Tobias, holding the the official title for the most powerfull slingshot shot:






Joerg Sprave, holding the inofficial title for the most powerfull slingshot shot,
(and most ingenious slingshot builder):

m.youtube.com/watch?v=xV8OARod4GA

What's about you, share your experiance, be it tungsten carbide, antimone lead, or for the wealthy, platininium

Here the source where Tobse got it from:

kugel-winnie.de/epages/62136757.sf/de_DE/?ObjectPath=/Shops/62136757/Categories/Kugeln/Hartmetalllkugeln


----------



## inconvenience (Mar 21, 2016)

Just remember. Even a .25 acp Derringer is more powerful and dangerous than the strongest slingshot in the world shooting the most dense ammo you can get at a skull. Verified by expert untested opinion.

/sarcasm off

Cool video.

I'd like to see what Joerg or Hayes could do with some of that ammo in 15mm or 20mm with the absolute maximum velocity they could acheive.


----------



## Cjw (Nov 1, 2012)

I don't understand this desire for as much power and biggest ammo possible. The slingshot is ok for some small game and would be almost useless for self defense. Most self defense shootings are less than 21 feet away. In all my firearms training classes they proved that with a holstered pistol you couldn't get it out fast enough to stop a person with a knife from stabbing you from that distance. Do you think you'll have time to grab your slingshot put a ball in the pouch and aim ? Slingshots are good for target shooting and some small game.

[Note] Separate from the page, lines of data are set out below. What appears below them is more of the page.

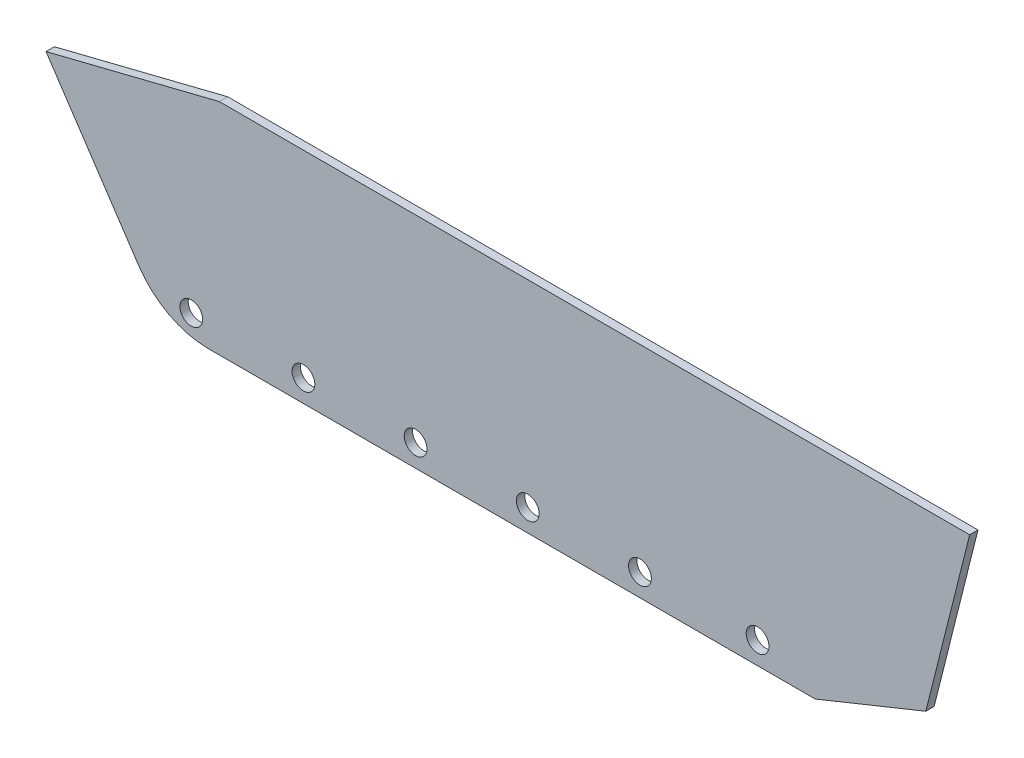
SolidWorks part; units mm, degrees
material "5052-H32"
ref_plane "Front Plane" through (0, 0, 0) normal (0, 0, 1) x (1, 0, 0)
ref_plane "Top Plane" through (0, 0, 0) normal (0, 1, 0) x (1, 0, 0)
ref_plane "Right Plane" through (0, 0, 0) normal (1, 0, 0) x (0, 0, -1)
sketch "Sketch1" plane through (0, 0, 0) normal (0, 0, 1) x (1, 0, 0)
  line L1 (428.1206, 33.3333) -> (428.1206, 28.5708)
  line L3 (428.1206, 28.5708) -> (0, 28.5708)
  line L4 (0, 28.5708) -> (-98.8794, 3.851)
  line L6 (-98.8794, 3.851) -> (-31.8794, -96.649)
  line L7 (428.1206, 28.5708) -> (403.1206, -71.149)
  line L9 (403.1206, -71.149) -> (366, -96.649)
  line L10 (-31.8794, -96.649) -> (366, -96.649)
  circle A0 centre (-16, -83.899) radius 6.5
  circle A1 centre (48, -83.899) radius 6.5
  circle A2 centre (112, -83.899) radius 6.5
  circle A3 centre (176, -83.899) radius 6.5
  circle A4 centre (240, -83.899) radius 6.5
  circle A5 centre (307.1206, -83.899) radius 6.5
  point P0 (-48.8794, -71.149)
  point P2 (-31.8794, -96.649)
  point P8 (48, -83.899)
  point P9 (403.1206, -71.149)
  dimension "D2" = 64
  dimension "D4" = 64
  dimension "D1" = 25.5
  dimension "D3" = 75
  dimension "D5" = 25
  dimension "D6" = 96
  dimension "D7" = 527
  dimension "D9" = 64
  dimension "D10" = 64
  dimension "D11" = 64
  dimension "D12" = 123.69
  dimension "D13" = 12.75
extrude "Boss-Extrude1" add sketch "Sketch1" along normal blind 4.7625 contours L3 L4 L6 L10 L9 L7
extrude "Cut-Extrude1" cut sketch "Sketch1<4>" along normal through all contours A0 | A1 | A2 | A3 | A4 | A5 region at (-16, -83.899, 0)
sketch "Sketch1<4>" plane through (0, 0, 0) normal (0, 0, 1) x (1, 0, 0) same geometry as "Sketch1"
sketch "Sketch2" plane through (0, 0, 0) normal (0, 0, -1) x (-1, 0, 0)
  circle A0 centre (-275.1206, -83.899) radius 6.5
  circle A2 centre (-233.5603, -132.5687) radius 6.5
  circle A3 centre (-192, -83.899) radius 6.5
  circle A4 centre (-128, -83.899) radius 6.5
  circle A5 centre (-64, -83.899) radius 6.5
  circle A6 centre (0, -83.899) radius 6.5
  dimension "D2" = 0
  dimension "D3" = 64
  dimension "D4" = 64
  dimension "D5" = 64
  dimension "D6" = 64
  dimension "D7" = 64
  dimension "D1" = 32
sketch "Sketch5" plane through (0, 0, 0) normal (0, 0, -1) x (-1, 0, 0)
  line L0 (48.8794, -71.149) -> (-14.2353, -96.649)
  line L1 (31.8794, -96.649) -> (-366, -96.649) construction
  line L2 (-14.2353, -96.649) -> (31.8794, -96.649)
  line L3 (31.8794, -96.649) -> (48.8794, -71.149)
  line L6 (-366, -96.649) -> (-403.1206, -71.149)
  line L7 (-403.1206, -71.149) -> (-352, -71.149)
  line L9 (-352, -71.149) -> (-326.5, -96.649)
  line L11 (-366, -96.649) -> (-326.5, -96.649)
  dimension "D1" = 22
  dimension "D2" = 45
extrude "Cut-Extrude2" [suppressed] cut sketch "Sketch5" against normal up to next
sketch "Sketch6" plane through (0, 0, 4.7625) normal (0, 0, 1) x (1, 0, 0)
  line L0 (-48.8794, -71.149) -> (14.2353, -96.649)
  line L1 (-31.8794, -96.649) -> (366, -96.649) construction
  line L2 (14.2353, -96.649) -> (-31.8794, -96.649)
  line L3 (-31.8794, -96.649) -> (-48.8794, -71.149)
  dimension "D1" = 158
fillet "Fillet1" radius 48 1 edges at (-31.8794, -96.649, 2.3813)
sketch "Sketch7" plane through (0, 0, 4.7625) normal (0, 0, 1) x (1, 0, 0)
  line L0 (403.1206, -71.149) -> (340.0059, -96.649)
  line L1 (-31.8794, -96.649) -> (366, -96.649) construction
  line L2 (340.0059, -96.649) -> (366, -96.649)
  line L3 (366, -96.649) -> (403.1206, -71.149)
  dimension "D1" = 22
extrude "Cut-Extrude3" cut sketch "Sketch7" against normal blind 10

Sent from my iPhone using Tapatalk


----------



## inconvenience (Mar 21, 2016)

Cjw said:


> I don't understand this desire for as much power and biggest ammo possible. The slingshot is ok for some small game and would be almost useless for self defense. Most self defense shootings are less than 21 feet away. In all my firearms training classes they proved that with a holstered pistol you couldn't get it out fast enough to stop a person with a knife from stabbing you from that distance. Do you think you'll have time to grab your slingshot put a ball in the pouch and aim ? Slingshots are good for target shooting and some small game.
> 
> Sent from my iPhone using Tapatalk


I have been shooting firearms since I was 7. No one thinks a slingshot is a replacement for a gun as a personal or home defense weapon. This is about pushing boundaries and seing what can be done. heck, most of the guns people have are overkill or never get shot.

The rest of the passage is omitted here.